THE TASK> Run through the records and show each line that includes the string "billing".

(Extracted data entries)

++++

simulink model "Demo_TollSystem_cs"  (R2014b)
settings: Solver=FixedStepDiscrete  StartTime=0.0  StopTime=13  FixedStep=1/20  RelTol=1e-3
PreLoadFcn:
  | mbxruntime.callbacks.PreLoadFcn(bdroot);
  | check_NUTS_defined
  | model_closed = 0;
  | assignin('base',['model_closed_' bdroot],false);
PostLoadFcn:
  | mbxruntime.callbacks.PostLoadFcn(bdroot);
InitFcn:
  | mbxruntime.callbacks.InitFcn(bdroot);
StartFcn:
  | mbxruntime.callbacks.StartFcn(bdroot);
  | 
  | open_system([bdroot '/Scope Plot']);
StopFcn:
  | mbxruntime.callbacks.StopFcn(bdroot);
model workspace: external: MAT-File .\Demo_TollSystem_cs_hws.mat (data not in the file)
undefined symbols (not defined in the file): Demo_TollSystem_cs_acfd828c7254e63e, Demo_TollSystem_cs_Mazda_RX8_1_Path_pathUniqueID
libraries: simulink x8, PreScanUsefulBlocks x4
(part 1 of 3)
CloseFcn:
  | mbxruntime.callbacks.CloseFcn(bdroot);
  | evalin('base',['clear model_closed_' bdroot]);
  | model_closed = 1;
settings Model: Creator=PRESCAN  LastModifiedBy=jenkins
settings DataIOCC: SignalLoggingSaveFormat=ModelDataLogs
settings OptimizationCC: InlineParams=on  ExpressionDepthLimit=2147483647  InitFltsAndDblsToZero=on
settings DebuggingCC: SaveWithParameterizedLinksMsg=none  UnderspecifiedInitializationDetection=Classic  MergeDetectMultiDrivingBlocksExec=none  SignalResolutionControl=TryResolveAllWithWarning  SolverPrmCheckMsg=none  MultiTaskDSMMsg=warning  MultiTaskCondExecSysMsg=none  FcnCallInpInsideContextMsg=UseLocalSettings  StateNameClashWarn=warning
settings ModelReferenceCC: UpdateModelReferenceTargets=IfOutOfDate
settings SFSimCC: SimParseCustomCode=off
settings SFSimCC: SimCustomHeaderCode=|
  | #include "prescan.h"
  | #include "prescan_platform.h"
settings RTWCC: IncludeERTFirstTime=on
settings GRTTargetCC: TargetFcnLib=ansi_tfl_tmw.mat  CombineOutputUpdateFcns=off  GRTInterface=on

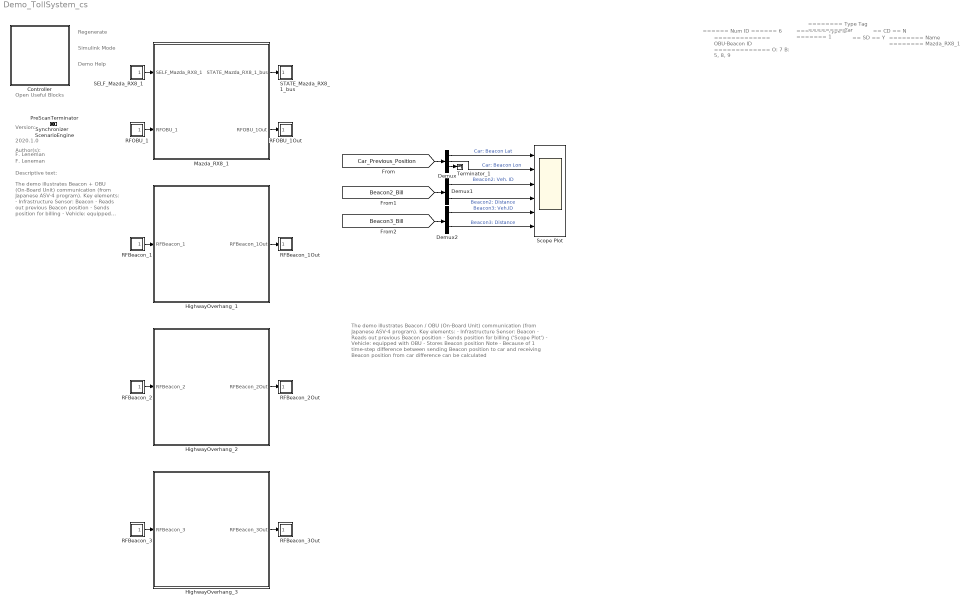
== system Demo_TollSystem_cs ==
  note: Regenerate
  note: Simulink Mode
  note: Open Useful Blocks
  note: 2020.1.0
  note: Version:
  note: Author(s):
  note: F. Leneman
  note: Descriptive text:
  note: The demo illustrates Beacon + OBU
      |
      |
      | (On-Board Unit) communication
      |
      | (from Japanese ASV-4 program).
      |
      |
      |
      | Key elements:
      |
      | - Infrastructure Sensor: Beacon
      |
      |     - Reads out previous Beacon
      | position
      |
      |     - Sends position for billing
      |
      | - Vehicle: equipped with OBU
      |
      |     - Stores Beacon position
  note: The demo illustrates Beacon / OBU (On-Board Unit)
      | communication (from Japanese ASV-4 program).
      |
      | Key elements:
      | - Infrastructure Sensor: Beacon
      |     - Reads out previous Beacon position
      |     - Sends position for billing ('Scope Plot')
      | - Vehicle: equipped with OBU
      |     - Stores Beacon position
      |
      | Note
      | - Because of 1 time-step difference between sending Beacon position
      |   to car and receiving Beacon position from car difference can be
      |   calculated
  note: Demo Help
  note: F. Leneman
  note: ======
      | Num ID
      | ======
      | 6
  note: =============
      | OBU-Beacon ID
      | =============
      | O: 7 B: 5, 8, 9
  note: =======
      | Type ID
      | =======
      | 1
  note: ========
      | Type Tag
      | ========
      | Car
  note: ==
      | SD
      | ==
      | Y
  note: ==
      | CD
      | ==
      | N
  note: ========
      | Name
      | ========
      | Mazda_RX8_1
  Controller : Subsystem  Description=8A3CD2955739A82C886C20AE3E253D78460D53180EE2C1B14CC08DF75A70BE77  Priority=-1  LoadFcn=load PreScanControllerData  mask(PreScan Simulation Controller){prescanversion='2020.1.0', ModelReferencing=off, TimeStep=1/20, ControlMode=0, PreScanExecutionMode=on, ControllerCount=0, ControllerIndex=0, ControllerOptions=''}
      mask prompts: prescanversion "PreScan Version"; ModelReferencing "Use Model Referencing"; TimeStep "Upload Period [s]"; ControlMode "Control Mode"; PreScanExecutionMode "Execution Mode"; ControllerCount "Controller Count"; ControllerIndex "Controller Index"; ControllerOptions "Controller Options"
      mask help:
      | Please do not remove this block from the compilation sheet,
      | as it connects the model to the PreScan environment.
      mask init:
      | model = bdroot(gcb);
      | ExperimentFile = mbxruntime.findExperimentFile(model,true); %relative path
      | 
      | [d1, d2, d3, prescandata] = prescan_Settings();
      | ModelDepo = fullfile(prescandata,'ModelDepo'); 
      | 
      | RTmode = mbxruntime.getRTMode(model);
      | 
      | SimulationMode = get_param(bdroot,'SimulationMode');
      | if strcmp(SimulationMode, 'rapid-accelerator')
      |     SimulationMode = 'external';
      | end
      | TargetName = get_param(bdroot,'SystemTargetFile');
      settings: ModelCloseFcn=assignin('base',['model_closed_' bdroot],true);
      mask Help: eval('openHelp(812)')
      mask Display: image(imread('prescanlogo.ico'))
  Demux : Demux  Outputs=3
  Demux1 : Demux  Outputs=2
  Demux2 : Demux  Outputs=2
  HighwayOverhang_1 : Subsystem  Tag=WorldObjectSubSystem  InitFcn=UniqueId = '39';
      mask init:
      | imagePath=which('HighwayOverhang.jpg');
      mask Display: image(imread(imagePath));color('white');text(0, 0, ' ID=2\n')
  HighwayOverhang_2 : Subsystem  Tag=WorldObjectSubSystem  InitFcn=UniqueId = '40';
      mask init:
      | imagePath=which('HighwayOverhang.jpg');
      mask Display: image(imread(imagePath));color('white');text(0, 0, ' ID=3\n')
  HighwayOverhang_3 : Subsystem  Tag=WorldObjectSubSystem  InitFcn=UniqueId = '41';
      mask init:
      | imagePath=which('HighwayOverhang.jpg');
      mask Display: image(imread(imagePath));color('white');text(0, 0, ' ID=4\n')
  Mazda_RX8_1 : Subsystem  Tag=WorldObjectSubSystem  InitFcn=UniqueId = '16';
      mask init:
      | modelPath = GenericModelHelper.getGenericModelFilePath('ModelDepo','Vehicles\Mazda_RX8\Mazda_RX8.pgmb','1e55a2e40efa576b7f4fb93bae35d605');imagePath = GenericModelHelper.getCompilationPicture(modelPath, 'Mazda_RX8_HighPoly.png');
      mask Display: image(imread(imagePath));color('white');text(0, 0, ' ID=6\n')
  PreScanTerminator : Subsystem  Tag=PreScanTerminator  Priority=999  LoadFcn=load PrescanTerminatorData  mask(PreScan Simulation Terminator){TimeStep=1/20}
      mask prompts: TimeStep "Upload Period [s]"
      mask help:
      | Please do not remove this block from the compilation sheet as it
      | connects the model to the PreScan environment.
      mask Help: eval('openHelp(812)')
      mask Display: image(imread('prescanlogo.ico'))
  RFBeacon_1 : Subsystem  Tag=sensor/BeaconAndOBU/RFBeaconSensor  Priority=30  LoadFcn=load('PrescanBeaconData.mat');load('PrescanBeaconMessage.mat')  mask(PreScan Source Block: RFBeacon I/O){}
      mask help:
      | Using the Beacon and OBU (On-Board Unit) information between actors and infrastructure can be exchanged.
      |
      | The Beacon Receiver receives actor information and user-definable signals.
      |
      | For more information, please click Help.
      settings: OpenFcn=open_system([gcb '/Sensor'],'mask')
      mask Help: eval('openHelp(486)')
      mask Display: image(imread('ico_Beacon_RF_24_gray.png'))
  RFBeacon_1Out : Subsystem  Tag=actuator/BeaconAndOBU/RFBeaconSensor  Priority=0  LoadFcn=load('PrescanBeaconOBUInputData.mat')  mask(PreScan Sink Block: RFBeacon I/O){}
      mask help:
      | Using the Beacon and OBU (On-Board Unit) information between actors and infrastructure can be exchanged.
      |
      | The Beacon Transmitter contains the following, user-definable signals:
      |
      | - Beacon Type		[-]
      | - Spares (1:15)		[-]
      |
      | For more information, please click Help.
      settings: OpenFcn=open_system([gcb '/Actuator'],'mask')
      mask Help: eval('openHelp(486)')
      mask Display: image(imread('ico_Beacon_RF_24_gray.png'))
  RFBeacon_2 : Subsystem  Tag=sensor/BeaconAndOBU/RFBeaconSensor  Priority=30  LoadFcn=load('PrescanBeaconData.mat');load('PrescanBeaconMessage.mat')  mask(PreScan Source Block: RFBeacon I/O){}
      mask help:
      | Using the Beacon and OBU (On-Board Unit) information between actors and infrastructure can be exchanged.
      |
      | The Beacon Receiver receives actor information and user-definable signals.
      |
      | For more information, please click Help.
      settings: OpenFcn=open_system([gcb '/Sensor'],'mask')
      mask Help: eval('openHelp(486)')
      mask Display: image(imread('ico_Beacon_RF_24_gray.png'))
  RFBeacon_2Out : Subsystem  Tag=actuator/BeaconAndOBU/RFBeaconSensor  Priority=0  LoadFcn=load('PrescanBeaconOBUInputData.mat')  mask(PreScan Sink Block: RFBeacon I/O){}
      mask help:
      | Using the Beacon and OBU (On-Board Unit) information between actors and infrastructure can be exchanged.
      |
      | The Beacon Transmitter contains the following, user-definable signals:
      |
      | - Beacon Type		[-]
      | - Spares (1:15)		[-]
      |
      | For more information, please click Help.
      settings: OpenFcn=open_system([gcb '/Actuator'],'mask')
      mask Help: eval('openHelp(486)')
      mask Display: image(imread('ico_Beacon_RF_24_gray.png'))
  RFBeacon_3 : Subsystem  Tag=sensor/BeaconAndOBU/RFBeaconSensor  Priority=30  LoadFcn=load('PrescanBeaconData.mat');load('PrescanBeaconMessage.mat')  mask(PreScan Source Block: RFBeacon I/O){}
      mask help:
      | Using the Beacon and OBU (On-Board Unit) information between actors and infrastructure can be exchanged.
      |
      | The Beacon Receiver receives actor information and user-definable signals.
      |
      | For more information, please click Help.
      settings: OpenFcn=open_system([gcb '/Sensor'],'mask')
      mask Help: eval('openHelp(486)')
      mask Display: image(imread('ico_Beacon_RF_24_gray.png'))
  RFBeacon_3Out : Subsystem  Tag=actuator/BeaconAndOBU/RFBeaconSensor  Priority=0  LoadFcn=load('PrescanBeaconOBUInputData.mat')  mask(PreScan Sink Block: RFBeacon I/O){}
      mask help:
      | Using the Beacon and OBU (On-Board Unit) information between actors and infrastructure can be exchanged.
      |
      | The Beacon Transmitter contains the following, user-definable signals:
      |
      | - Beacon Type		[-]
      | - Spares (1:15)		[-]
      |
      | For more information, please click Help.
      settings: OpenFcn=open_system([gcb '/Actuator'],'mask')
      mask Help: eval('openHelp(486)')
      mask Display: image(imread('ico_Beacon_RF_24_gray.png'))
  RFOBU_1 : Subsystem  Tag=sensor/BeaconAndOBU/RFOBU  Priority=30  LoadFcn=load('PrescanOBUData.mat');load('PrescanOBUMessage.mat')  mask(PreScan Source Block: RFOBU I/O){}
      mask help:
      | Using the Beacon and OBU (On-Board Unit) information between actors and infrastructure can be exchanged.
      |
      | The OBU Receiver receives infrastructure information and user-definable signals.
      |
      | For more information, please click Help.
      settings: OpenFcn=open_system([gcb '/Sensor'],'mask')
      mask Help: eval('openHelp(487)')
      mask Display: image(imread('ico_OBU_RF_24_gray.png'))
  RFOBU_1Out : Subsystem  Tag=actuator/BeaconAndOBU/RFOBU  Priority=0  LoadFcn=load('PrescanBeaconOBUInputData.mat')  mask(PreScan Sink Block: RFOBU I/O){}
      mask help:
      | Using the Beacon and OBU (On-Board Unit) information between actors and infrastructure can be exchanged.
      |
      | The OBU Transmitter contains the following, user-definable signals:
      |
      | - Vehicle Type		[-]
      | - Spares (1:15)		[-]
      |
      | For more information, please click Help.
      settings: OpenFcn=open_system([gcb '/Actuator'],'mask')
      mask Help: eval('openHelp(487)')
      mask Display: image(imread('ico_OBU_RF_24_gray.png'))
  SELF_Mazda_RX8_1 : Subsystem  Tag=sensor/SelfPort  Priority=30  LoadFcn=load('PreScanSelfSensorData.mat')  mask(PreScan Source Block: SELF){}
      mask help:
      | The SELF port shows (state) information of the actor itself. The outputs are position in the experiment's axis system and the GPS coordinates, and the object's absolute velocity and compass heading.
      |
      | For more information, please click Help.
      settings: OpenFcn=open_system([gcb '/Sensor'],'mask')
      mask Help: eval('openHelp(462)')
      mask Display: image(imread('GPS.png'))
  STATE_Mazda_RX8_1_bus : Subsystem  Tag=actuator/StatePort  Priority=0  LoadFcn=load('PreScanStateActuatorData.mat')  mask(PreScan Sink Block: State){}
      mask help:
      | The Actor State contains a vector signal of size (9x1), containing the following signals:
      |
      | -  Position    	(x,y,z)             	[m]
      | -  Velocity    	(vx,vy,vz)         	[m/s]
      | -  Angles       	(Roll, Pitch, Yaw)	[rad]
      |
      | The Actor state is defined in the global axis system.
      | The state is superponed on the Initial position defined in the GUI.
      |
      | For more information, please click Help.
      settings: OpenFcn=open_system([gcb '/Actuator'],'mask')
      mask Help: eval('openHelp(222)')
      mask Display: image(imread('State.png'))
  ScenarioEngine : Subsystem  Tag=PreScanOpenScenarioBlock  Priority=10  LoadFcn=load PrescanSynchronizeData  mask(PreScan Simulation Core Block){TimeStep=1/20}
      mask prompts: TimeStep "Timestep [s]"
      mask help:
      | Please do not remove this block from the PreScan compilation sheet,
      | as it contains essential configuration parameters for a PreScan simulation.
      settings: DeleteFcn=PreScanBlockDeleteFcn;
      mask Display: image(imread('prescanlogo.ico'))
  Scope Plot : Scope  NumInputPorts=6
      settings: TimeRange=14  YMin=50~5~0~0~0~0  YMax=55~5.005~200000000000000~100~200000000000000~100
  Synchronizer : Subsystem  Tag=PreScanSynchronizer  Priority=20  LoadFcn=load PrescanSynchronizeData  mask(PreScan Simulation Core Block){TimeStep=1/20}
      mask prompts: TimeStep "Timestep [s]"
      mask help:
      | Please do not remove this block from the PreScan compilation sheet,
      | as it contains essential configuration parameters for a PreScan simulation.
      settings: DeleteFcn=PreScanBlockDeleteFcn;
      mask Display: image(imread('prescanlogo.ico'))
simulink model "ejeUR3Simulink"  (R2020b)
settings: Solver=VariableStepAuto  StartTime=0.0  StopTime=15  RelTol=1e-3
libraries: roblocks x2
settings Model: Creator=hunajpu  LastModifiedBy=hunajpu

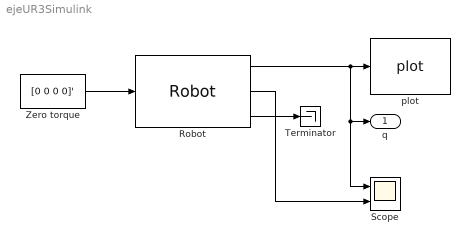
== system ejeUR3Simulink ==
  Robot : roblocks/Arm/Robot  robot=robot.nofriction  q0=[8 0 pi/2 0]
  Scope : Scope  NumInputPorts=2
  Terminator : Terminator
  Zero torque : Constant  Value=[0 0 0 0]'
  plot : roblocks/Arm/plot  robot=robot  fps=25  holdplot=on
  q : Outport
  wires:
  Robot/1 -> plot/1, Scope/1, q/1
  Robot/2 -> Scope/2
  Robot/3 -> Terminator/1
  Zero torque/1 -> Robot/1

++++

RESULT FOR THIS TASK>
      |     - Sends position for billing
      |     - Sends position for billing ('Scope Plot')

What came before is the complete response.